I keep looking, but anything for my height seems to go for silly money!


----------



## bagpuss (28 Jun 2009)

I maybe able to help .I know of a couple of Mercians for sale and a Dawes.All are 23 1/2 inch frames.What inside leg are you .I am 6 2 ans 23 1/2 fits me fine .I have a 32 inside leg


----------



## BSA (29 Jun 2009)

bagpuss said:


> I maybe able to help .I know of a couple of Mercians for sale and a Dawes.All are 23 1/2 inch frames.What inside leg are you .I am 6 2 ans 23 1/2 fits me fine .I have a 32 inside leg



I have a 33" inside leg so that frame size sounds ideal.


----------



## Tynan (30 Jun 2009)

tried the ctc forums? they seemed have good quality second hand audaxey stuff last I looked


----------



## BSA (1 Jul 2009)

Tynan said:


> tried the ctc forums? they seemed have good quality second hand audaxey stuff last I looked



No but I will have a look, Thanks.


----------



## bagpuss (3 Jul 2009)

I maybe able to fix you up with a Mercian Circa 1980's for around £250.00.I am away for two weeks I will let you know more on my return.Paul.


----------



## BSA (6 Jul 2009)

bagpuss said:


> I maybe able to fix you up with a Mercian Circa 1980's for around £250.00.I am away for two weeks I will let you know more on my return.Paul.


Cool, let me know when you are back because I'm still looking.


----------



## Kirstie (13 Jul 2009)

We've got a 56cm frame for sale that would be suitable for commuting - it comes with a headset and seatclamp.

Pic is here: http://www.flickr.com/photos/mrmichaelwright/3007832907/in/set-72157608706181438/ 

Price is negotiable - you'd have to find the rest and build it up, though.


----------



## Bigtwin (13 Jul 2009)

Kirstie said:


> We've got a 56cm frame for sale that would be suitable for commuting - it comes with a headset and seatclamp.
> 
> Pic is here: http://www.flickr.com/photos/mrmichaelwright/3007832907/in/set-72157608706181438/
> 
> Price is negotiable - you'd have to find the rest and build it up, though.

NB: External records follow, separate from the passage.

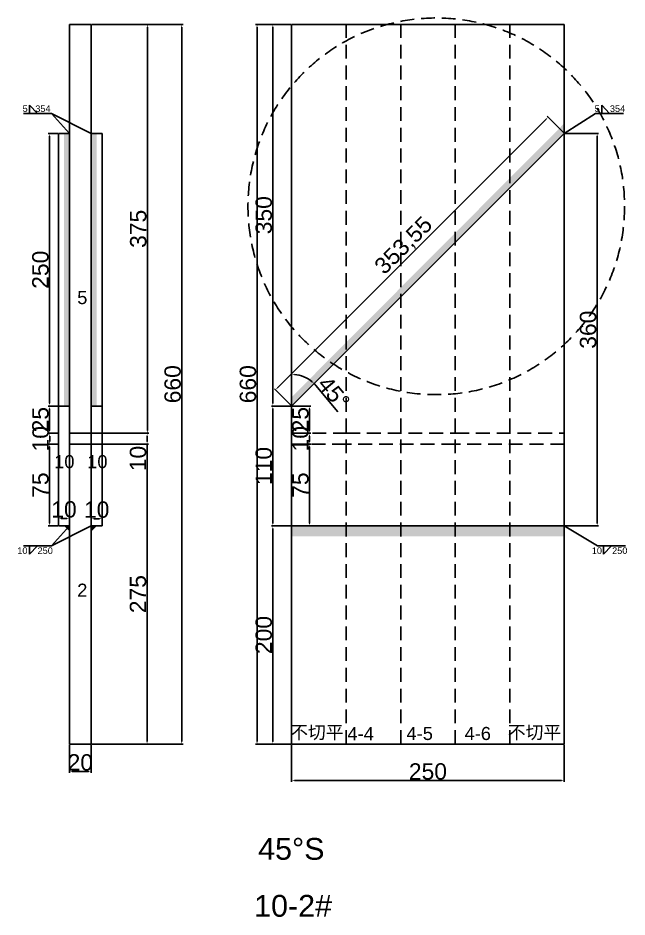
# Model space of a CAD drawing. Header units: millimetres. Extents: x 9380 to 24185, y -971 to 4358.
# Drawn here: x 17482 to 18041, y 799 to 1624 of the extents above; entities that cross this region are included whole.
import ezdxf

# ---------------------------------------------------------------- set-up
doc = ezdxf.new("R2010")
doc.units = ezdxf.units.MM
doc.linetypes.add('DASHED', pattern=[19.05, 12.7, -6.35])
doc.linetypes.add('JIS_09_08', pattern=[10.75, 8, -0.55, 0.55, -0.55, 0.55, -0.55])
for name, color, linetype in [('切平处', 3, 'DASHED'), ('尺寸标注', 6, 'Continuous'), ('标号', 4, 'Continuous'), ('焊缝', 250, 'Continuous')]:
    doc.layers.add(name, color=color, linetype=linetype)
doc.styles.get("Standard").update_dxf_attribs({"font": 'arial.ttf'})
doc.dimstyles.new('ISO-25-JHF', dxfattribs={"dimtxt": 15, "dimasz": 2.5, "dimexe": 1.25, "dimexo": 0.625, "dimtad": 1, "dimtxsty": 'Standard', "dimcen": 2.5, "dimadec": 0, "dimazin": 0, "dimtfac": 1, "dimtmove": 0, "dimatfit": 3, "dimfxl": 1, "dimarcsym": 0})

# ---------------------------------------------------------------- blocks, each defined once
blk = doc.blocks.new('*D931')
at = {"layer": 'Defpoints', "color": 0, "transparency": 16777216}
for p in [(17529.25, 957.93), (17549.25, 957.93), (17549.25, 932.73)]:
    blk.add_point(p, dxfattribs=at)
at = {"layer": '尺寸标注', "color": 0, "lineweight": -2, "transparency": 16777216}
for p, q in [((17529.25, 957.3), (17529.25, 931.48)), ((17549.25, 957.3), (17549.25, 931.48)), ((17531.75, 932.73), (17546.75, 932.73))]:
    blk.add_line(p, q, dxfattribs=at)
at = {"layer": '尺寸标注', "color": 0, "transparency": 16777216}
for points in [[(17531.75, 933.14), (17531.75, 932.31), (17529.25, 932.73)], [(17546.75, 933.14), (17546.75, 932.31), (17549.25, 932.73)]]:
    blk.add_solid(points, dxfattribs=at)
at = {"layer": '尺寸标注', "color": 0, "transparency": 16777216, "insert": (17539.25, 941.01), "char_height": 15, "attachment_point": 5}
blk.add_mtext('20', dxfattribs=at)
blk = doc.blocks.new('*D932')
at = {"layer": 'Defpoints', "color": 0, "transparency": 16777216}
for p in [(17529.25, 1164.81), (17519.25, 1157.93), (17529.25, 1157.93)]:
    blk.add_point(p, dxfattribs=at)
at = {"layer": '尺寸标注', "color": 0, "lineweight": -2, "transparency": 16777216}
for p, q in [((17519.25, 1158.55), (17519.25, 1166.06)), ((17521.75, 1164.81), (17526.75, 1164.81)), ((17529.25, 1158.55), (17529.25, 1166.06))]:
    blk.add_line(p, q, dxfattribs=at)
at = {"layer": '尺寸标注', "color": 0, "transparency": 16777216}
for points in [[(17521.75, 1165.22), (17521.75, 1164.39), (17519.25, 1164.81)], [(17526.75, 1165.22), (17526.75, 1164.39), (17529.25, 1164.81)]]:
    blk.add_solid(points, dxfattribs=at)
at = {"layer": '尺寸标注', "color": 0, "transparency": 16777216, "insert": (17524.25, 1173.09), "char_height": 15, "attachment_point": 5}
blk.add_mtext('10', dxfattribs=at)
blk = doc.blocks.new('*D933')
at = {"layer": 'Defpoints', "color": 0, "transparency": 16777216}
for p in [(17559.25, 1164.59), (17549.25, 1157.93), (17559.25, 1157.93)]:
    blk.add_point(p, dxfattribs=at)
at = {"layer": '尺寸标注', "color": 0, "lineweight": -2, "transparency": 16777216}
for p, q in [((17549.25, 1158.55), (17549.25, 1165.84)), ((17551.75, 1164.59), (17556.75, 1164.59)), ((17559.25, 1158.55), (17559.25, 1165.84))]:
    blk.add_line(p, q, dxfattribs=at)
at = {"layer": '尺寸标注', "color": 0, "transparency": 16777216}
for points in [[(17551.75, 1165.01), (17551.75, 1164.18), (17549.25, 1164.59)], [(17556.75, 1165.01), (17556.75, 1164.18), (17559.25, 1164.59)]]:
    blk.add_solid(points, dxfattribs=at)
at = {"layer": '尺寸标注', "color": 0, "transparency": 16777216, "insert": (17554.25, 1172.88), "char_height": 15, "attachment_point": 5}
blk.add_mtext('10', dxfattribs=at)
blk = doc.blocks.new('*D794')
at = {"layer": 'Defpoints', "color": 0, "transparency": 16777216}
for p in [(17549.25, 1617.93), (17549.25, 1242.93), (17600.72, 1242.93)]:
    blk.add_point(p, dxfattribs=at)
at = {"layer": '尺寸标注', "color": 0, "lineweight": -2, "transparency": 16777216}
for p, q in [((17549.88, 1617.93), (17601.97, 1617.93)), ((17600.72, 1615.43), (17600.72, 1245.43)), ((17549.88, 1242.93), (17601.97, 1242.93))]:
    blk.add_line(p, q, dxfattribs=at)
at = {"layer": '尺寸标注', "color": 0, "transparency": 16777216}
for points in [[(17600.3, 1615.43), (17601.14, 1615.43), (17600.72, 1617.93)], [(17600.3, 1245.43), (17601.14, 1245.43), (17600.72, 1242.93)]]:
    blk.add_solid(points, dxfattribs=at)
at = {"layer": '尺寸标注', "color": 0, "transparency": 16777216, "insert": (17592.43, 1430.43), "char_height": 15, "attachment_point": 5, "rotation": 90}
blk.add_mtext('375', dxfattribs=at)
blk = doc.blocks.new('*D795')
at = {"layer": 'Defpoints', "color": 0, "transparency": 16777216}
for p in [(17600.72, 1242.93), (17600.51, 1232.93), (17600.72, 1232.93)]:
    blk.add_point(p, dxfattribs=at)
at = {"layer": '尺寸标注', "color": 0, "lineweight": -2, "transparency": 16777216}
for p, q in [((17600.1, 1242.93), (17599.26, 1242.93)), ((17600.51, 1240.43), (17600.51, 1235.43)), ((17600.1, 1232.93), (17599.26, 1232.93)), ((17600.51, 1232.93), (17600.51, 1209.15))]:
    blk.add_line(p, q, dxfattribs=at)
at = {"layer": '尺寸标注', "color": 0, "transparency": 16777216}
for points in [[(17600.1, 1240.43), (17600.93, 1240.43), (17600.51, 1242.93)], [(17600.1, 1235.43), (17600.93, 1235.43), (17600.51, 1232.93)]]:
    blk.add_solid(points, dxfattribs=at)
at = {"layer": '尺寸标注', "color": 0, "transparency": 16777216, "insert": (17592.23, 1219.79), "char_height": 15, "attachment_point": 5, "rotation": 90}
blk.add_mtext('10', dxfattribs=at)
blk = doc.blocks.new('*D934')
at = {"layer": 'Defpoints', "color": 0, "transparency": 16777216}
for p in [(17549.25, 1617.93), (17632.25, 1617.93), (17549.25, 957.93)]:
    blk.add_point(p, dxfattribs=at)
at = {"layer": '尺寸标注', "color": 0, "lineweight": -2, "transparency": 16777216}
for p, q in [((17549.88, 1617.93), (17633.5, 1617.93)), ((17632.25, 960.43), (17632.25, 1615.43)), ((17549.88, 957.93), (17633.5, 957.93))]:
    blk.add_line(p, q, dxfattribs=at)
at = {"layer": '尺寸标注', "color": 0, "transparency": 16777216}
for points in [[(17631.83, 1615.43), (17632.66, 1615.43), (17632.25, 1617.93)], [(17631.83, 960.43), (17632.66, 960.43), (17632.25, 957.93)]]:
    blk.add_solid(points, dxfattribs=at)
at = {"layer": '尺寸标注', "color": 0, "transparency": 16777216, "insert": (17623.96, 1287.93), "char_height": 15, "attachment_point": 5, "rotation": 90}
blk.add_mtext('660', dxfattribs=at)
blk = doc.blocks.new('*D935')
at = {"layer": 'Defpoints', "color": 0, "transparency": 16777216}
for p in [(17549.25, 1232.93), (17549.25, 957.93), (17600.48, 957.93)]:
    blk.add_point(p, dxfattribs=at)
at = {"layer": '尺寸标注', "color": 0, "lineweight": -2, "transparency": 16777216}
for p, q in [((17549.88, 1232.93), (17601.73, 1232.93)), ((17600.48, 1230.43), (17600.48, 960.43)), ((17549.88, 957.93), (17601.73, 957.93))]:
    blk.add_line(p, q, dxfattribs=at)
at = {"layer": '尺寸标注', "color": 0, "transparency": 16777216}
for points in [[(17600.06, 1230.43), (17600.9, 1230.43), (17600.48, 1232.93)], [(17600.06, 960.43), (17600.9, 960.43), (17600.48, 957.93)]]:
    blk.add_solid(points, dxfattribs=at)
at = {"layer": '尺寸标注', "color": 0, "transparency": 16777216, "insert": (17592.2, 1095.43), "char_height": 15, "attachment_point": 5, "rotation": 90}
blk.add_mtext('275', dxfattribs=at)
blk = doc.blocks.new('*D936')
at = {"layer": 'Defpoints', "color": 0, "transparency": 16777216}
for p in [(17510.93, 1232.93), (17519.25, 1232.93), (17519.25, 1157.93)]:
    blk.add_point(p, dxfattribs=at)
at = {"layer": '尺寸标注', "color": 0, "lineweight": -2, "transparency": 16777216}
for p, q in [((17518.63, 1232.93), (17509.68, 1232.93)), ((17510.93, 1160.43), (17510.93, 1230.43)), ((17518.63, 1157.93), (17509.68, 1157.93))]:
    blk.add_line(p, q, dxfattribs=at)
at = {"layer": '尺寸标注', "color": 0, "transparency": 16777216}
for points in [[(17510.51, 1230.43), (17511.34, 1230.43), (17510.93, 1232.93)], [(17510.51, 1160.43), (17511.34, 1160.43), (17510.93, 1157.93)]]:
    blk.add_solid(points, dxfattribs=at)
at = {"layer": '尺寸标注', "color": 0, "transparency": 16777216, "insert": (17502.67, 1195.43), "char_height": 15, "attachment_point": 5, "rotation": 90}
blk.add_mtext('75', dxfattribs=at)
blk = doc.blocks.new('*D937')
at = {"layer": 'Defpoints', "color": 0, "transparency": 16777216}
for p in [(17510.98, 1267.93), (17519.25, 1267.93), (17519.25, 1242.93)]:
    blk.add_point(p, dxfattribs=at)
at = {"layer": '尺寸标注', "color": 0, "lineweight": -2, "transparency": 16777216}
for p, q in [((17518.63, 1267.93), (17509.73, 1267.93)), ((17510.98, 1245.43), (17510.98, 1265.43)), ((17518.63, 1242.93), (17509.73, 1242.93))]:
    blk.add_line(p, q, dxfattribs=at)
at = {"layer": '尺寸标注', "color": 0, "transparency": 16777216}
for points in [[(17510.57, 1265.43), (17511.4, 1265.43), (17510.98, 1267.93)], [(17510.57, 1245.43), (17511.4, 1245.43), (17510.98, 1242.93)]]:
    blk.add_solid(points, dxfattribs=at)
at = {"layer": '尺寸标注', "color": 0, "transparency": 16777216, "insert": (17502.7, 1255.43), "char_height": 15, "attachment_point": 5, "rotation": 90}
blk.add_mtext('25', dxfattribs=at)
blk = doc.blocks.new('*D796')
at = {"layer": 'Defpoints', "color": 0, "transparency": 16777216}
for p in [(17511.13, 1242.93), (17519.25, 1242.93), (17519.25, 1232.93)]:
    blk.add_point(p, dxfattribs=at)
at = {"layer": '尺寸标注', "color": 0, "lineweight": -2, "transparency": 16777216}
for p, q in [((17518.63, 1242.93), (17509.88, 1242.93)), ((17511.13, 1235.43), (17511.13, 1240.43)), ((17518.63, 1232.93), (17509.88, 1232.93))]:
    blk.add_line(p, q, dxfattribs=at)
at = {"layer": '尺寸标注', "color": 0, "transparency": 16777216}
for points in [[(17510.72, 1240.43), (17511.55, 1240.43), (17511.13, 1242.93)], [(17510.72, 1235.43), (17511.55, 1235.43), (17511.13, 1232.93)]]:
    blk.add_solid(points, dxfattribs=at)
at = {"layer": '尺寸标注', "color": 0, "transparency": 16777216, "insert": (17502.85, 1237.93), "char_height": 15, "attachment_point": 5, "rotation": 90}
blk.add_mtext('10', dxfattribs=at)
blk = doc.blocks.new('*D797')
at = {"layer": 'Defpoints', "color": 0, "transparency": 16777216}
for p in [(17733.11, 1567.93), (17833.11, 1367.93), (17740.65, 1296.04), (17733.11, 1267.93), (17733.11, 907.93)]:
    blk.add_point(p, dxfattribs=at)
at = {"layer": '尺寸标注', "color": 0, "lineweight": -2, "transparency": 16777216}
blk.add_line((17755.39, 1286.67), (17775.53, 1262.73), dxfattribs=at)
for start, end in [(49.92197, 85.07803), (40.07803, 45)]:
    blk.add_arc((17733.11, 1267.93), 29.11, start, end, dxfattribs=at)
at = {"layer": '尺寸标注', "color": 0, "transparency": 16777216}
for points in [[(17735.59, 1296.51), (17735.63, 1297.35), (17733.11, 1297.04)], [(17752.14, 1290.51), (17751.57, 1289.89), (17753.7, 1288.51)]]:
    blk.add_solid(points, dxfattribs=at)
at = {"layer": '尺寸标注', "color": 0, "transparency": 16777216, "insert": (17771.77, 1280.01), "char_height": 15, "attachment_point": 5, "rotation": 310.07803}
blk.add_mtext('45°', dxfattribs=at)
blk = doc.blocks.new('*D798')
at = {"layer": 'Defpoints', "color": 0, "transparency": 16777216}
for p in [(17733.11, 957.93), (17983.11, 957.93), (17983.11, 924.42)]:
    blk.add_point(p, dxfattribs=at)
at = {"layer": '尺寸标注', "color": 0, "lineweight": -2, "transparency": 16777216}
for p, q in [((17733.11, 957.3), (17733.11, 923.17)), ((17983.11, 957.3), (17983.11, 923.17)), ((17735.61, 924.42), (17980.61, 924.42))]:
    blk.add_line(p, q, dxfattribs=at)
at = {"layer": '尺寸标注', "color": 0, "transparency": 16777216}
for points in [[(17735.61, 924.84), (17735.61, 924.01), (17733.11, 924.42)], [(17980.61, 924.84), (17980.61, 924.01), (17983.11, 924.42)]]:
    blk.add_solid(points, dxfattribs=at)
at = {"layer": '尺寸标注', "color": 0, "transparency": 16777216, "insert": (17858.11, 932.71), "char_height": 15, "attachment_point": 5}
blk.add_mtext('250', dxfattribs=at)
blk = doc.blocks.new('*D938')
at = {"layer": 'Defpoints', "color": 0, "transparency": 16777216}
for p in [(17733.11, 1617.93), (17701.33, 957.93), (17733.11, 957.93)]:
    blk.add_point(p, dxfattribs=at)
at = {"layer": '尺寸标注', "color": 0, "lineweight": -2, "transparency": 16777216}
for p, q in [((17732.49, 1617.93), (17700.08, 1617.93)), ((17701.33, 1615.43), (17701.33, 960.43)), ((17732.49, 957.93), (17700.08, 957.93))]:
    blk.add_line(p, q, dxfattribs=at)
at = {"layer": '尺寸标注', "color": 0, "transparency": 16777216}
for points in [[(17700.91, 1615.43), (17701.74, 1615.43), (17701.33, 1617.93)], [(17700.91, 960.43), (17701.74, 960.43), (17701.33, 957.93)]]:
    blk.add_solid(points, dxfattribs=at)
at = {"layer": '尺寸标注', "color": 0, "transparency": 16777216, "insert": (17693.04, 1287.93), "char_height": 15, "attachment_point": 5, "rotation": 90}
blk.add_mtext('660', dxfattribs=at)
blk = doc.blocks.new('*D939')
at = {"layer": 'Defpoints', "color": 0, "transparency": 16777216}
for p in [(17983.11, 1517.93), (18013.35, 1517.93), (17983.11, 1157.93)]:
    blk.add_point(p, dxfattribs=at)
at = {"layer": '尺寸标注', "color": 0, "lineweight": -2, "transparency": 16777216}
for p, q in [((17983.74, 1517.93), (18014.6, 1517.93)), ((18013.35, 1160.43), (18013.35, 1515.43)), ((17983.74, 1157.93), (18014.6, 1157.93))]:
    blk.add_line(p, q, dxfattribs=at)
at = {"layer": '尺寸标注', "color": 0, "transparency": 16777216}
for points in [[(18012.93, 1515.43), (18013.77, 1515.43), (18013.35, 1517.93)], [(18012.93, 1160.43), (18013.77, 1160.43), (18013.35, 1157.93)]]:
    blk.add_solid(points, dxfattribs=at)
at = {"layer": '尺寸标注', "color": 0, "transparency": 16777216, "insert": (18005.06, 1337.93), "char_height": 15, "attachment_point": 5, "rotation": 90}
blk.add_mtext('360', dxfattribs=at)
blk = doc.blocks.new('*D940')
at = {"layer": 'Defpoints', "color": 0, "transparency": 16777216}
for p in [(17733.11, 1267.93), (17715.84, 1157.93), (17733.11, 1157.93)]:
    blk.add_point(p, dxfattribs=at)
at = {"layer": '尺寸标注', "color": 0, "lineweight": -2, "transparency": 16777216}
for p, q in [((17732.49, 1267.93), (17714.59, 1267.93)), ((17715.84, 1265.43), (17715.84, 1160.43)), ((17732.49, 1157.93), (17714.59, 1157.93))]:
    blk.add_line(p, q, dxfattribs=at)
at = {"layer": '尺寸标注', "color": 0, "transparency": 16777216}
for points in [[(17715.42, 1265.43), (17716.25, 1265.43), (17715.84, 1267.93)], [(17715.42, 1160.43), (17716.25, 1160.43), (17715.84, 1157.93)]]:
    blk.add_solid(points, dxfattribs=at)
at = {"layer": '尺寸标注', "color": 0, "transparency": 16777216, "insert": (17707.55, 1212.93), "char_height": 15, "attachment_point": 5, "rotation": 90}
blk.add_mtext('110', dxfattribs=at)
blk = doc.blocks.new('*D941')
at = {"layer": 'Defpoints', "color": 0, "transparency": 16777216}
for p in [(17733.11, 1232.93), (17733.11, 1157.93), (17749.45, 1157.93)]:
    blk.add_point(p, dxfattribs=at)
at = {"layer": '尺寸标注', "color": 0, "lineweight": -2, "transparency": 16777216}
for p, q in [((17733.74, 1232.93), (17750.7, 1232.93)), ((17749.45, 1230.43), (17749.45, 1160.43)), ((17733.74, 1157.93), (17750.7, 1157.93))]:
    blk.add_line(p, q, dxfattribs=at)
at = {"layer": '尺寸标注', "color": 0, "transparency": 16777216}
for points in [[(17749.03, 1230.43), (17749.87, 1230.43), (17749.45, 1232.93)], [(17749.03, 1160.43), (17749.87, 1160.43), (17749.45, 1157.93)]]:
    blk.add_solid(points, dxfattribs=at)
at = {"layer": '尺寸标注', "color": 0, "transparency": 16777216, "insert": (17741.2, 1195.43), "char_height": 15, "attachment_point": 5, "rotation": 90}
blk.add_mtext('75', dxfattribs=at)
blk = doc.blocks.new('*D942')
at = {"layer": 'Defpoints', "color": 0, "transparency": 16777216}
for p in [(17733.11, 1242.93), (17749.45, 1242.93), (17733.11, 1232.93)]:
    blk.add_point(p, dxfattribs=at)
at = {"layer": '尺寸标注', "color": 0, "lineweight": -2, "transparency": 16777216}
for p, q in [((17733.74, 1242.93), (17750.7, 1242.93)), ((17749.45, 1235.43), (17749.45, 1240.43)), ((17733.74, 1232.93), (17750.7, 1232.93))]:
    blk.add_line(p, q, dxfattribs=at)
at = {"layer": '尺寸标注', "color": 0, "transparency": 16777216}
for points in [[(17749.03, 1240.43), (17749.87, 1240.43), (17749.45, 1242.93)], [(17749.03, 1235.43), (17749.87, 1235.43), (17749.45, 1232.93)]]:
    blk.add_solid(points, dxfattribs=at)
at = {"layer": '尺寸标注', "color": 0, "transparency": 16777216, "insert": (17741.17, 1237.93), "char_height": 15, "attachment_point": 5, "rotation": 90}
blk.add_mtext('10', dxfattribs=at)
blk = doc.blocks.new('*D799')
at = {"layer": 'Defpoints', "color": 0, "transparency": 16777216}
for p in [(17733.11, 1267.93), (17749.45, 1267.93), (17733.11, 1242.93)]:
    blk.add_point(p, dxfattribs=at)
at = {"layer": '尺寸标注', "color": 0, "lineweight": -2, "transparency": 16777216}
for p, q in [((17733.74, 1267.93), (17750.7, 1267.93)), ((17749.45, 1245.43), (17749.45, 1265.43)), ((17733.74, 1242.93), (17750.7, 1242.93))]:
    blk.add_line(p, q, dxfattribs=at)
at = {"layer": '尺寸标注', "color": 0, "transparency": 16777216}
for points in [[(17749.03, 1265.43), (17749.87, 1265.43), (17749.45, 1267.93)], [(17749.03, 1245.43), (17749.87, 1245.43), (17749.45, 1242.93)]]:
    blk.add_solid(points, dxfattribs=at)
at = {"layer": '尺寸标注', "color": 0, "transparency": 16777216, "insert": (17741.17, 1255.43), "char_height": 15, "attachment_point": 5, "rotation": 90}
blk.add_mtext('25', dxfattribs=at)
blk = doc.blocks.new('*D943')
at = {"layer": 'Defpoints', "color": 0, "transparency": 16777216}
for p in [(17715.84, 1157.93), (17733.11, 1157.93), (17733.11, 957.93)]:
    blk.add_point(p, dxfattribs=at)
at = {"layer": '尺寸标注', "color": 0, "lineweight": -2, "transparency": 16777216}
for p, q in [((17732.49, 1157.93), (17714.59, 1157.93)), ((17715.84, 960.43), (17715.84, 1155.43)), ((17732.49, 957.93), (17714.59, 957.93))]:
    blk.add_line(p, q, dxfattribs=at)
at = {"layer": '尺寸标注', "color": 0, "transparency": 16777216}
for points in [[(17715.42, 1155.43), (17716.25, 1155.43), (17715.84, 1157.93)], [(17715.42, 960.43), (17716.25, 960.43), (17715.84, 957.93)]]:
    blk.add_solid(points, dxfattribs=at)
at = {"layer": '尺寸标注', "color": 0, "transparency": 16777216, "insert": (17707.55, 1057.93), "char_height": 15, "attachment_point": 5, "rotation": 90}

I had a Coppi like that - I have a 31' inside leg and the 56 was a bit on the small side - I think a 6' 2" 33" inside leg gentleman is going to have to like it very on the compact side....


----------



## BSA (15 Jul 2009)

Kirstie said:


> We've got a 56cm frame for sale that would be suitable for commuting - it comes with a headset and seatclamp.
> 
> Pic is here: http://www.flickr.com/photos/mrmichaelwright/3007832907/in/set-72157608706181438/
> 
> Price is negotiable - you'd have to find the rest and build it up, though.


Thanks for the reply but I was after the full bike if possible. Plus that frame is too small for me I need at least a 58cm frame.

Thanks again


----------



## Chambo (15 Jul 2009)

I have the same problem, 58 - 60 is fine. I had a ride on a Ribble and the 58 was great, I don't think that they are huge money and they seem solid. If you look on eBay there are a few Dolan frames for £70, these got a good write up and were £250 + originally.

I'm after an old steel frame that won't get nicked and that I won't worry about when I lean it against a lamp post.


----------



## erudite (26 Oct 2009)

Hi ,

I am after an audax bike aswell, anything considered so please get in touch if you have something that you think fits the bill.

thanks,
Matt


----------